📄 中文摘要
旋转位置编码(RoPE)的扩展旨在处理比预训练阶段更长的序列。然而,现有的扩展策略在方法上高度多样化,并且缺乏统一的理论基础。MrRoPE(混合基数RoPE)提出了一种基于基数系统转换视角的广义编码公式,优雅地统一并概括了当前主要的RoPE扩展方法。通过将序列位置视为在特定基数系统中的表示,MrRoPE将RoPE的频率分配策略推广到非十进制基数。具体而言,它允许在不同维度上使用不同的基数,从而实现更灵活且适应性强的频率衰减模式。这种混合基数的方法能够更好地捕捉长序列中的局部和全局依赖关系,因为不同的基数可以对应不同的周期性或衰减速度。
📄 English Summary
MrRoPE: Mixed-radix Rotary Position Embedding
Extension of Rotary Position Embedding (RoPE) aims to handle sequences longer than those encountered during pre-training. However, current extension strategies are highly diverse and lack a unified theoretical foundation. MrRoPE (Mixed-radix RoPE) proposes a generalized encoding formulation based on a radix system conversion perspective, which elegantly unifies and generalizes prevailing RoPE extension methods. By viewing sequence positions as representations in a specific radix system, MrRoPE extends RoPE's frequency allocation strategy to non-decimal radices. Specifically, it allows for the use of different radices across various dimensions, enabling more flexible and adaptive frequency decay patterns. This mixed-radix approach is better equipped to capture both local and global dependencies in long sequences, as different radices can correspond to distinct periodicities or decay rates. The design of MrRoPE not only encompasses popular methods like linear interpolation and NTK-RoPE as its special cases but also provides a theoretical framework for understanding their underlying mechanisms. This framework, by adjusting radices and associated scaling factors, can flexibly generate new, optimized positional encoding schemes.
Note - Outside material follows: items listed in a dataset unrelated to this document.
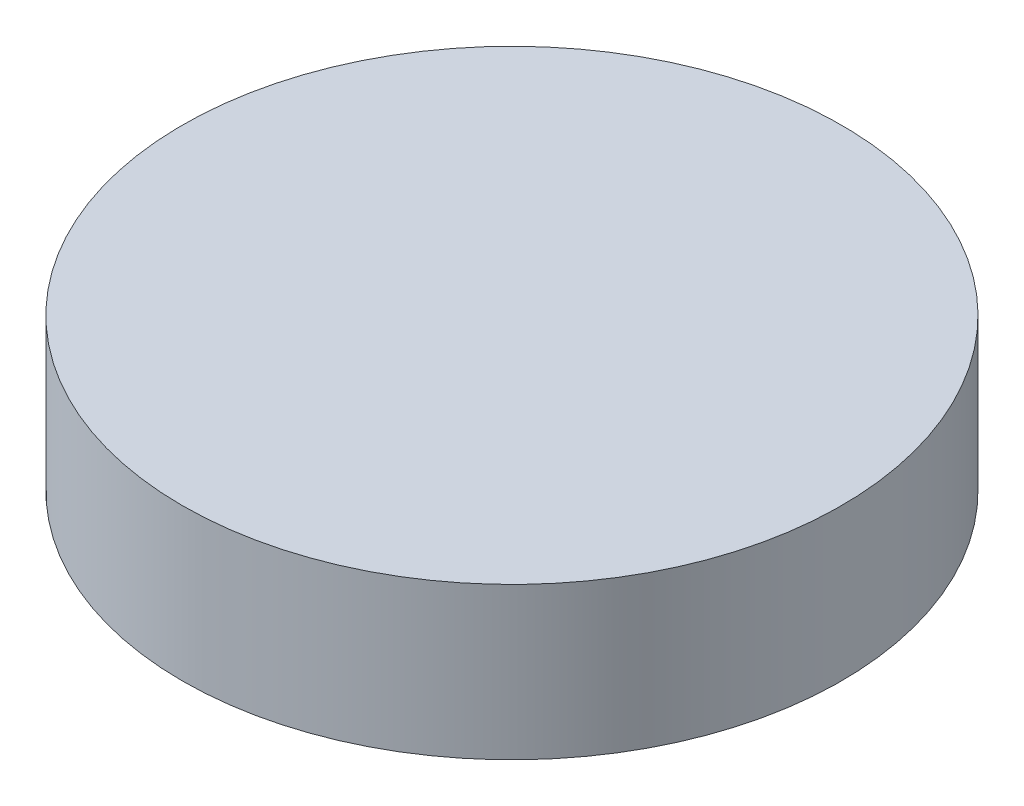
ISO-10303-21;
HEADER;
FILE_DESCRIPTION(('STEP AP214'),'2;1');
FILE_NAME('part.step','',(''),(''),'','','');
FILE_SCHEMA(('AUTOMOTIVE_DESIGN { 1 0 10303 214 1 1 1 1 }'));
ENDSEC;
DATA;
#1=APPLICATION_CONTEXT('core data for automotive mechanical design processes');
#2=APPLICATION_PROTOCOL_DEFINITION('international standard','automotive_design',2000,#1);
#3=PRODUCT_CONTEXT('',#1,'mechanical');
#4=PRODUCT('Part','Part','',(#3));
#5=PRODUCT_RELATED_PRODUCT_CATEGORY('part','',(#4));
#6=PRODUCT_DEFINITION_FORMATION('','',#4);
#7=PRODUCT_DEFINITION_CONTEXT('part definition',#1,'design');
#8=PRODUCT_DEFINITION('design','',#6,#7);
#9=PRODUCT_DEFINITION_SHAPE('','',#8);
#10=(LENGTH_UNIT() NAMED_UNIT(*) SI_UNIT(.MILLI.,.METRE.));
#11=(NAMED_UNIT(*) PLANE_ANGLE_UNIT() SI_UNIT($,.RADIAN.));
#12=(NAMED_UNIT(*) SI_UNIT($,.STERADIAN.) SOLID_ANGLE_UNIT());
#13=UNCERTAINTY_MEASURE_WITH_UNIT(LENGTH_MEASURE(1.E-05),#10,'distance_accuracy_value','');
#14=(GEOMETRIC_REPRESENTATION_CONTEXT(3) GLOBAL_UNCERTAINTY_ASSIGNED_CONTEXT((#13)) GLOBAL_UNIT_ASSIGNED_CONTEXT((#10,
#11,#12)) REPRESENTATION_CONTEXT('',''));
#15=CARTESIAN_POINT('',(0.,0.,0.));
#16=DIRECTION('',(0.,0.,1.));
#17=DIRECTION('',(1.,0.,0.));
#18=AXIS2_PLACEMENT_3D('',#15,#16,#17);
#19=CARTESIAN_POINT('',(-27.5,34.6557828482519,-11.5));
#20=DIRECTION('',(0.,1.,0.));
#21=DIRECTION('',(0.,0.,1.));
#22=AXIS2_PLACEMENT_3D('',#19,#20,#21);
#23=CYLINDRICAL_SURFACE('',#22,5.425);
#24=CARTESIAN_POINT('',(-27.5,50.5,-11.5));
#25=DIRECTION('',(0.,1.,0.));
#26=DIRECTION('',(0.,0.,1.));
#27=AXIS2_PLACEMENT_3D('',#24,#25,#26);
#28=CIRCLE('',#27,5.425);
#29=CARTESIAN_POINT('',(-27.5,50.5,-6.07499999999999));
#30=VERTEX_POINT('',#29);
#31=EDGE_CURVE('E11',#30,#30,#28,.F.);
#32=ORIENTED_EDGE('',*,*,#31,.F.);
#33=EDGE_LOOP('',(#32));
#34=FACE_BOUND('',#33,.T.);
#35=CARTESIAN_POINT('',(-27.5,53.,-11.5));
#36=DIRECTION('',(0.,1.,0.));
#37=DIRECTION('',(0.,0.,1.));
#38=AXIS2_PLACEMENT_3D('',#35,#36,#37);
#39=CIRCLE('',#38,5.425);
#40=CARTESIAN_POINT('',(-27.5,53.,-6.07499999999999));
#41=VERTEX_POINT('',#40);
#42=EDGE_CURVE('E43',#41,#41,#39,.T.);
#43=ORIENTED_EDGE('',*,*,#42,.F.);
#44=EDGE_LOOP('',(#43));
#45=FACE_BOUND('',#44,.T.);
#46=ADVANCED_FACE('F36',(#34,#45),#23,.T.);
#47=CARTESIAN_POINT('',(-27.5,53.,-11.5));
#48=DIRECTION('',(0.,1.,0.));
#49=DIRECTION('',(0.,0.,1.));
#50=AXIS2_PLACEMENT_3D('',#47,#48,#49);
#51=PLANE('',#50);
#52=ORIENTED_EDGE('',*,*,#42,.T.);
#53=EDGE_LOOP('',(#52));
#54=FACE_BOUND('',#53,.T.);
#55=ADVANCED_FACE('F50',(#54),#51,.T.);
#56=CARTESIAN_POINT('',(-27.25,50.5,-21.));
#57=DIRECTION('',(0.,1.,0.));
#58=DIRECTION('',(0.,0.,1.));
#59=AXIS2_PLACEMENT_3D('',#56,#57,#58);
#60=PLANE('',#59);
#61=ORIENTED_EDGE('',*,*,#31,.T.);
#62=EDGE_LOOP('',(#61));
#63=FACE_BOUND('',#62,.T.);
#64=ADVANCED_FACE('F57',(#63),#60,.F.);
#65=CLOSED_SHELL('',(#46,#55,#64));
#66=MANIFOLD_SOLID_BREP('B2',#65);
#67=ADVANCED_BREP_SHAPE_REPRESENTATION('',(#18,#66),#14);
#68=SHAPE_DEFINITION_REPRESENTATION(#9,#67);
ENDSEC;
END-ISO-10303-21;

Experimental results demonstrate that MrRoPE exhibits superior generalization capabilities and performance improvements compared to existing methods when handling long sequence tasks, particularly in mitigating catastrophic forgetting issues when models need to process inputs significantly longer than their pre-training length during inference. Its core idea lies in providing a deeper mathematical interpretation and a broader design space for positional encoding's frequency allocation through radix system conversion, thereby offering new directions for future long-sequence modeling.